Pertama, gerakan intelektual, yaitu menggali data-data dan informasi baik dalam bentuk naskah dan benda-benda terkait jalur rempah, proses terjadinya interaksi budaya yang membentuk kosmopolitanisme Nusantara.


“Hendaknya tidak berhenti di sini tapi direkomendasikan untuk membangun Gerakan intelektual membantu jaringan dan sebagainya,” ujar pengajar sosiologi Islam Nusantara itu.


Kedua, simposium ini juga perlu dijadikan sebagai momentum gerakan sosial-budaya, yaitu membangun kesadaran (awareness) terhadap rempah sebagai media membangun jaringan ekonomi dan kebudayaan, terutama mendorong terciptanya ekonomi kreatif berbasis rempah di masa kini.


“Rempah tidak sekadar komoditas berdasarkan hasil kesimpulan, tetapi rempah juga menjadi instrument membangun relasi kultural, jaringan intelektual dan jaringan spiritual,” ujar orang dekat Gus Dur ini.

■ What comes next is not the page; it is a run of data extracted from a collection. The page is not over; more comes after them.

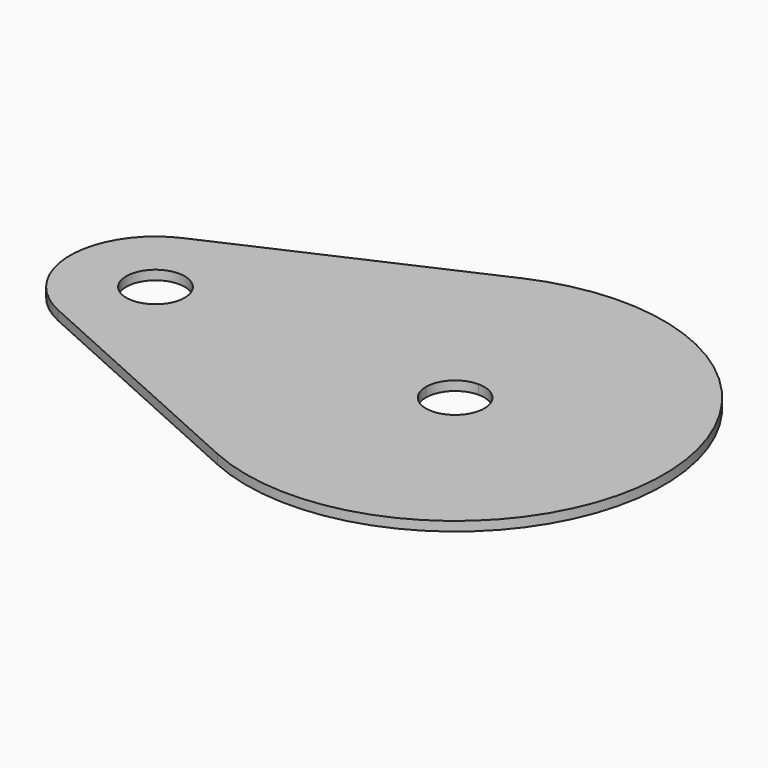
from build123d import *

# Parameters (mm, degrees)
F0_R     = 13.9065
F0_R_2   = 9.906
F1_DEPTH = 3.175


# Not quite as in the source:
# - a length typed as a fraction of an inch, garbled in the dataset ("3 / 203.2 mm" for 3/8 in), is restored


with BuildPart() as f1:
    # F0 (on Top) → F1 (new body)
    with BuildSketch(Plane.XY):
        with BuildLine():
            Line((-29.0468705796, 64.4645603781), (-113.5004093806, 26.4109228888))
            ThreePointArc((-113.5004093806, 26.4109228888), (-130.5681996552, 0), (-113.5004093806, -26.4109228888))
            Line((-113.5004093806, -26.4109228888), (-29.0468705796, -64.4645603781))
            ThreePointArc((-29.0468705796, -64.4645603781), (70.706437014, 0), (-29.0468705796, 64.4645603781))
        make_face()
        with Locations((-101.6, 0)):
            Circle(F0_R, mode=Mode.SUBTRACT)
        with BuildLine():
            ThreePointArc((0, 64.77), (45.7993062175, 45.7993062175), (64.77, 0))
            ThreePointArc((64.77, 0), (45.7993062175, -45.7993062175), (0, -64.77))
            ThreePointArc((0, -64.77), (-45.7993062175, -45.7993062175), (-64.77, 0))
            ThreePointArc((-64.77, 0), (-45.7993062175, 45.7993062175), (0, 64.77))
        make_face(mode=Mode.SUBTRACT)
        with Locations((-101.6, 0)):
            Circle(F0_R)
        with Locations((-101.6, 0)):
            Circle(F0_R_2, mode=Mode.SUBTRACT)
        with BuildLine():
            Line((0, 9.906), (0, 64.77))
            ThreePointArc((0, 64.77), (-45.7993062175, 45.7993062175), (-64.77, 0))
            Line((-64.77, 0), (-9.906, 0))
            ThreePointArc((-9.906, 0), (-7.0045997744, 7.0045997744), (0, 9.906))
        make_face()
        with BuildLine():
            ThreePointArc((-64.77, 0), (-45.7993062175, -45.7993062175), (0, -64.77))
            Line((0, -64.77), (0, -9.906))
            ThreePointArc((0, -9.906), (-7.0045997744, -7.0045997744), (-9.906, 0))
            Line((-9.906, 0), (-64.77, 0))
        make_face()
        with BuildLine():
            ThreePointArc((0, -64.77), (45.7993062175, -45.7993062175), (64.77, 0))
            ThreePointArc((64.77, 0), (45.7993062175, 45.7993062175), (0, 64.77))
            Line((0, 64.77), (0, 9.906))
            ThreePointArc((0, 9.906), (7.0045997744, 7.0045997744), (9.906, 0))
            ThreePointArc((9.906, 0), (7.0045997744, -7.0045997744), (0, -9.906))
            Line((0, -9.906), (0, -64.77))
        make_face()
    extrude(amount=F1_DEPTH)


solid = f1.part

Selanjutnya, simposium ini mendorong rempah sebagai spirit untuk membangun identitas kultural bangsa Nusantara sebagai bangsa bahari dan negeri maritim. Sebab, maritim adalah hal yang terkait dengan negara, sedangkan bahari berkaitan dengan budaya.


Zastrouw menyampaikan bahwa pada intinya, simposium yang dilaksanakan selama dua hari itu bertujuan untuk menghidupkan gorong-gorong dan sumber mata air peradaban yang tersumbat agar dapat mengalirkan kembali air jernih peradaban Nusantara untuk peradaban ke depan.


Simposium ini diselenggarakan Fakultas Islam Nusantara Universitas Nahdlatul Ulama Indonesia (Unusia) bekerja sama dengan Kementerian Pendidikan, Kebudayaan, Riset, dan Teknologi (Kemendikbudristek).